_DATASET RECORDS_

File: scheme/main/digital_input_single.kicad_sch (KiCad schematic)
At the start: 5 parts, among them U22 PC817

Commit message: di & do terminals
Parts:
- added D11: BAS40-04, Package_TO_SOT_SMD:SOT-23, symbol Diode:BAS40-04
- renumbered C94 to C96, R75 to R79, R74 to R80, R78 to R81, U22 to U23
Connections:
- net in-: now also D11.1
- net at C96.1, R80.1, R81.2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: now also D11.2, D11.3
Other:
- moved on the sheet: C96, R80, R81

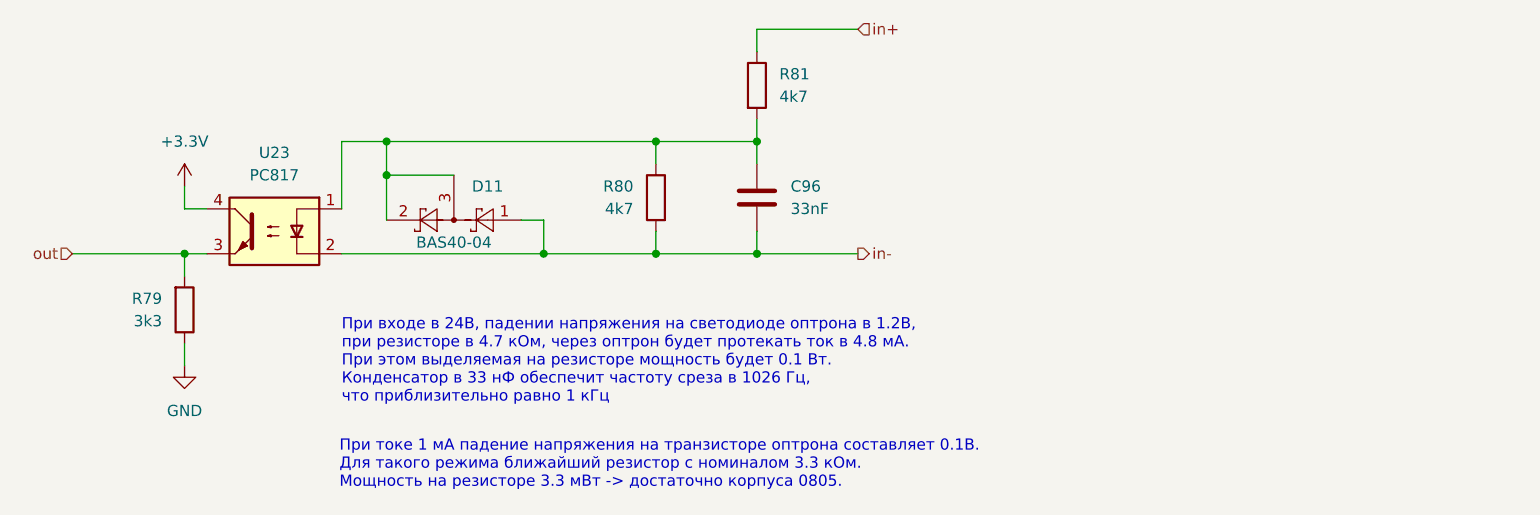
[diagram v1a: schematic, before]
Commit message: dc passive discharge schematic
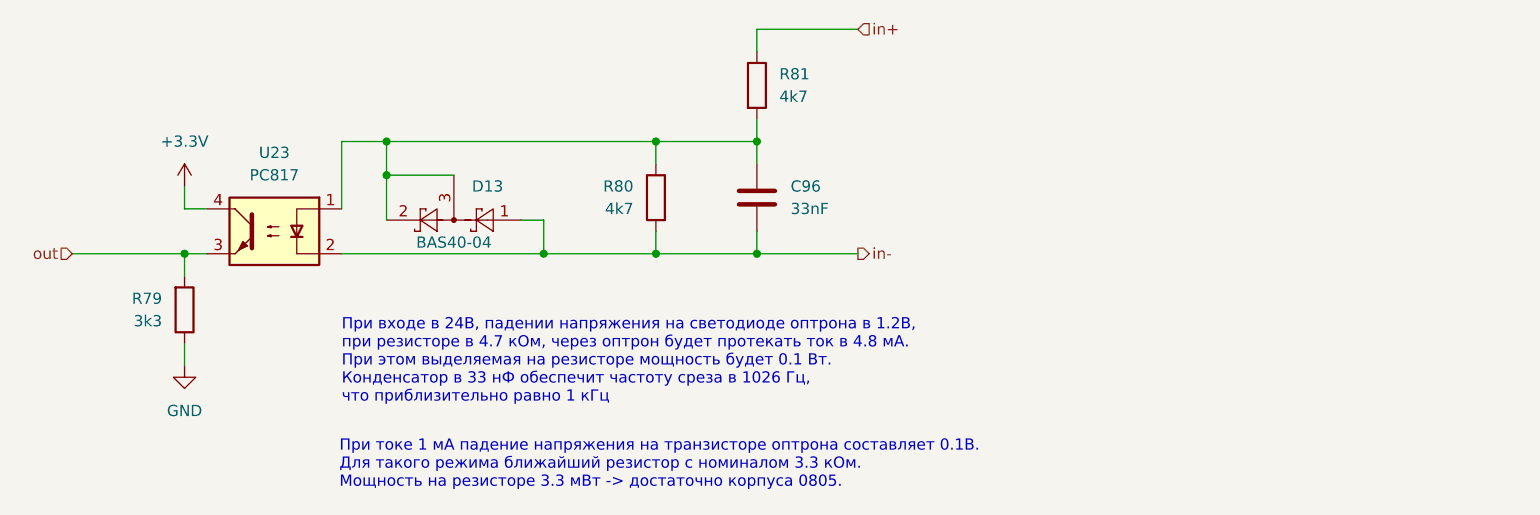
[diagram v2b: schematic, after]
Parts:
- renumbered D11 to D13
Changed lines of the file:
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@@
 		(on_board yes)
 		(dnp no)
-		(property "Reference" "D11"
+		(property "Reference" "D13"
 			(at 161.29 87.63 0)
 			(effects

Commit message: toplevel layout, can bus
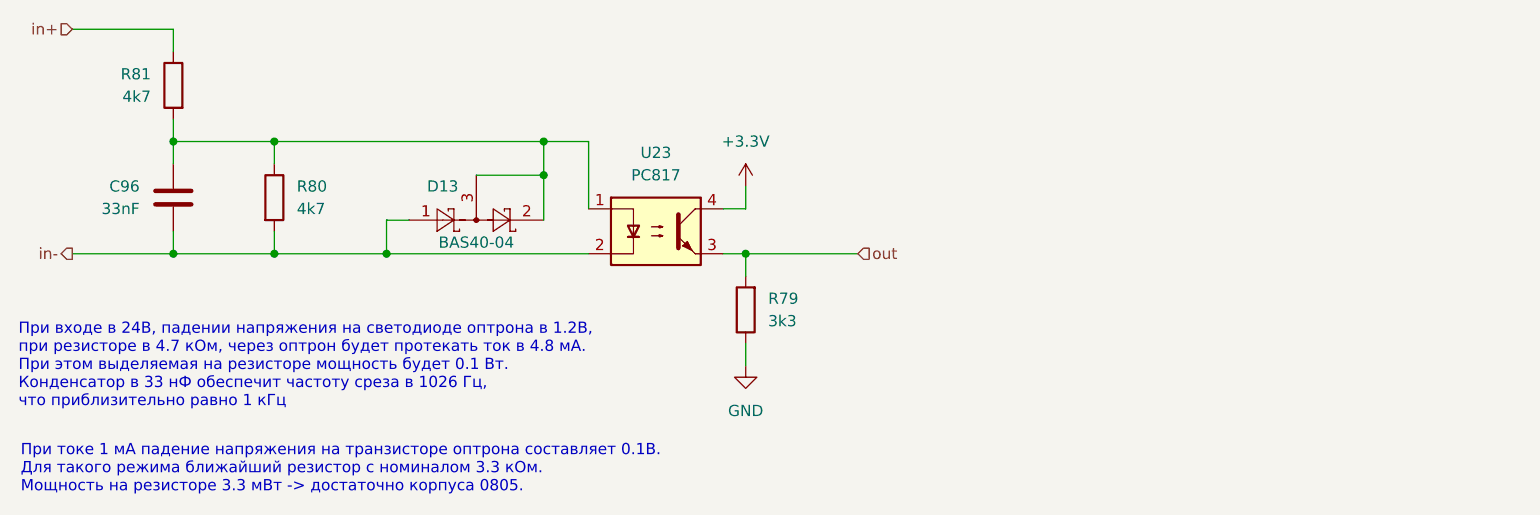
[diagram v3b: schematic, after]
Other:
- moved on the sheet: C96, D13, R79, R80, R81, U23

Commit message: boards schematic sheets & more
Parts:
- added R108: 22R, Resistor_SMD:R_0805_2012Metric, symbol Device:R
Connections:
- net out: now also R108.2; no longer R79.2, U23.3
- new net: R108.1, R79.2, U23.3
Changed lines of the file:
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@@
+	)
+	(junction
+		(at 190.5 95.25)
+		(diameter 0)
+		(color 0 0 0 0)
 	)
 	(junction
@@
 	)
 	(junction
-		(at 190.5 95.25)
-		(diameter 0)
-		(color 0 0 0 0)
-	)
-	(junction
 		(at 125.73 95.25)
 		(diameter 0)
@@
 	(wire
 		(pts
+			(xy 190.5 95.25) (xy 193.04 95.25)
+		)
+		(stroke
+			(width 0)
+			(type default)
+		)
+	)
+	(wire
+		(pts
 			(xy 172.72 95.25) (xy 149.86 95.25)
 		)
@@
 	(wire
 		(pts
-			(xy 203.2 95.25) (xy 190.5 95.25)
-		)
-		(stroke
-			(width 0)
-			(type default)
-		)
-	)
-	(wire
-		(pts
 			(xy 125.73 92.71) (xy 125.73 95.25)
 		)
@@
 		(pts
 			(xy 149.86 95.25) (xy 137.16 95.25)
+		)
+		(stroke
+			(width 0)
+			(type default)
+		)
+	)
+	(wire
+		(pts
+			(xy 200.66 95.25) (xy 203.2 95.25)
 		)
 		(stroke
@@
 					(unit 1)
 				)
+			)
+		)
+	)
+	(symbol
+		(lib_id "Device:R")
+		(at 196.85 95.25 90)
+		(unit 1)
+		(exclude_from_sim no)
+		(in_bom yes)
+		(on_board yes)
+		(dnp no)
+		(fields_autoplaced yes)
+		(property "Reference" "R108"
+			(at 196.85 88.9 90)
+			(effects
+				(font
+					(size 1.27 1.27)
+				)
+			)
+		)
+		(property "Value" "22R"
+			(at 196.85 91.44 90)
+			(effects
+				(font
+					(size 1.27 1.27)
+				)
+			)
+		)
+		(property "Footprint" "Resistor_SMD:R_0805_2012Metric"
+			(at 196.85 97.028 90)
+			(effects
+				(font
+					(size 1.27 1.27)
+				)
+				(hide yes)
+			)
+		)
+		(property "Datasheet" "~"
+			(at 196.85 95.25 0)
+			(effects
+				(font
+					(size 1.27 1.27)
+				)
+				(hide yes)
+			)
+		)
+		(property "Description" "Resistor"
+			(at 196.85 95.25 0)
+			(effects
+				(font
+					(size 1.27 1.27)
+				)
+				(hide yes)
+			)
+		)
+		(pin "1"
+		)
+		(pin "2"
+		)
+		(instances
+			(project "main"
+				(path "/c11d1dbc-4db9-4712-8d1d-5f6f7086cded/bedea6de-a196-4917-ba70-c071156ad9b9/31162724-615b-46ba-8c0e-f604e9ec35b9"
+					(reference "R110")
+					(unit 1)
+				)
+				(path "/c11d1dbc-4db9-4712-8d1d-5f6f7086cded/bedea6de-a196-4917-ba70-c071156ad9b9/9dc33930-f682-4ed1-a57d-b39bd6b7930d"
+					(reference "R109")
+					(unit 1)
+				)
+				(path "/c11d1dbc-4db9-4712-8d1d-5f6f7086cded/bedea6de-a196-4917-ba70-c071156ad9b9/a9420b45-d901-4429-a945-3bcdca919a43"
+					(reference "R108")
+					(unit 1)
+				)
+				(path "/c11d1dbc-4db9-4712-8d1d-5f6f7086cded/bedea6de-a196-4917-ba70-c071156ad9b9/bd001503-3ad8-4979-953f-3e7ea894eb19"
+					(reference "R111")
+					(unit 1)
+				)

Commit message: sort some sheets
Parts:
- renumbered R108 to R110
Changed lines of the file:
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@@
 		(dnp no)
 		(fields_autoplaced yes)
-		(property "Reference" "R108"
+		(property "Reference" "R110"
 			(at 196.85 88.9 90)
 			(effects

_ABOUT THIS EXERCISE_
Leave the pictures aside and output each entry exactly as it stands.

_SOLUTION TO THIS TASK_
File: scheme/main/digital_input_single.kicad_sch (KiCad schematic)
At the start: 5 parts, among them U22 PC817

Commit message: di & do terminals
Parts:
- added D11: BAS40-04, Package_TO_SOT_SMD:SOT-23, symbol Diode:BAS40-04
- renumbered C94 to C96, R75 to R79, R74 to R80, R78 to R81, U22 to U23
Connections:
- net in-: now also D11.1
- net at C96.1, R80.1, R81.2: now also D11.2, D11.3
Other:
- moved on the sheet: C96, R80, R81

[diagram v1a: schematic, before]
Commit message: dc passive discharge schematic
[diagram v2b: schematic, after]
Parts:
- renumbered D11 to D13
Changed lines of the file:
@@
 		(on_board yes)
 		(dnp no)
-		(property "Reference" "D11"
+		(property "Reference" "D13"
 			(at 161.29 87.63 0)
 			(effects

Commit message: toplevel layout, can bus
[diagram v3b: schematic, after]
Other:
- moved on the sheet: C96, D13, R79, R80, R81, U23

Commit message: boards schematic sheets & more
Parts:
- added R108: 22R, Resistor_SMD:R_0805_2012Metric, symbol Device:R
Connections:
- net out: now also R108.2; no longer R79.2, U23.3
- new net: R108.1, R79.2, U23.3
Changed lines of the file:
@@
+	)
+	(junction
+		(at 190.5 95.25)
+		(diameter 0)
+		(color 0 0 0 0)
 	)
 	(junction
@@
 	)
 	(junction
-		(at 190.5 95.25)
-		(diameter 0)
-		(color 0 0 0 0)
-	)
-	(junction
 		(at 125.73 95.25)
 		(diameter 0)
@@
 	(wire
 		(pts
+			(xy 190.5 95.25) (xy 193.04 95.25)
+		)
+		(stroke
+			(width 0)
+			(type default)
+		)
+	)
+	(wire
+		(pts
 			(xy 172.72 95.25) (xy 149.86 95.25)
 		)
@@
 	(wire
 		(pts
-			(xy 203.2 95.25) (xy 190.5 95.25)
-		)
-		(stroke
-			(width 0)
-			(type default)
-		)
-	)
-	(wire
-		(pts
 			(xy 125.73 92.71) (xy 125.73 95.25)
 		)
@@
 		(pts
 			(xy 149.86 95.25) (xy 137.16 95.25)
+		)
+		(stroke
+			(width 0)
+			(type default)
+		)
+	)
+	(wire
+		(pts
+			(xy 200.66 95.25) (xy 203.2 95.25)
 		)
 		(stroke
@@
 					(unit 1)
 				)
+			)
+		)
+	)
+	(symbol
+		(lib_id "Device:R")
+		(at 196.85 95.25 90)
+		(unit 1)
+		(exclude_from_sim no)
+		(in_bom yes)
+		(on_board yes)
+		(dnp no)
+		(fields_autoplaced yes)
+		(property "Reference" "R108"
+			(at 196.85 88.9 90)
+			(effects
+				(font
+					(size 1.27 1.27)
+				)
+			)
+		)
+		(property "Value" "22R"
+			(at 196.85 91.44 90)
+			(effects
+				(font
+					(size 1.27 1.27)
+				)
+			)
+		)
+		(property "Footprint" "Resistor_SMD:R_0805_2012Metric"
+			(at 196.85 97.028 90)
+			(effects
+				(font
+					(size 1.27 1.27)
+				)
+				(hide yes)
+			)
+		)
+		(property "Datasheet" "~"
+			(at 196.85 95.25 0)
+			(effects
+				(font
+					(size 1.27 1.27)
+				)
+				(hide yes)
+			)
+		)
+		(property "Description" "Resistor"
+			(at 196.85 95.25 0)
+			(effects
+				(font
+					(size 1.27 1.27)
+				)
+				(hide yes)
+			)
+		)
+		(pin "1"
+		)
+		(pin "2"
+		)
+		(instances
+			(project "main"
+				(path "/c11d1dbc-4db9-4712-8d1d-5f6f7086cded/bedea6de-a196-4917-ba70-c071156ad9b9/31162724-615b-46ba-8c0e-f604e9ec35b9"
+					(reference "R110")
+					(unit 1)
+				)
+				(path "/c11d1dbc-4db9-4712-8d1d-5f6f7086cded/bedea6de-a196-4917-ba70-c071156ad9b9/9dc33930-f682-4ed1-a57d-b39bd6b7930d"
+					(reference "R109")
+					(unit 1)
+				)
+				(path "/c11d1dbc-4db9-4712-8d1d-5f6f7086cded/bedea6de-a196-4917-ba70-c071156ad9b9/a9420b45-d901-4429-a945-3bcdca919a43"
+					(reference "R108")
+					(unit 1)
+				)
+				(path "/c11d1dbc-4db9-4712-8d1d-5f6f7086cded/bedea6de-a196-4917-ba70-c071156ad9b9/bd001503-3ad8-4979-953f-3e7ea894eb19"
+					(reference "R111")
+					(unit 1)
+				)

Commit message: sort some sheets
Parts:
- renumbered R108 to R110
Changed lines of the file:
@@
 		(dnp no)
 		(fields_autoplaced yes)
-		(property "Reference" "R108"
+		(property "Reference" "R110"
 			(at 196.85 88.9 90)
 			(effects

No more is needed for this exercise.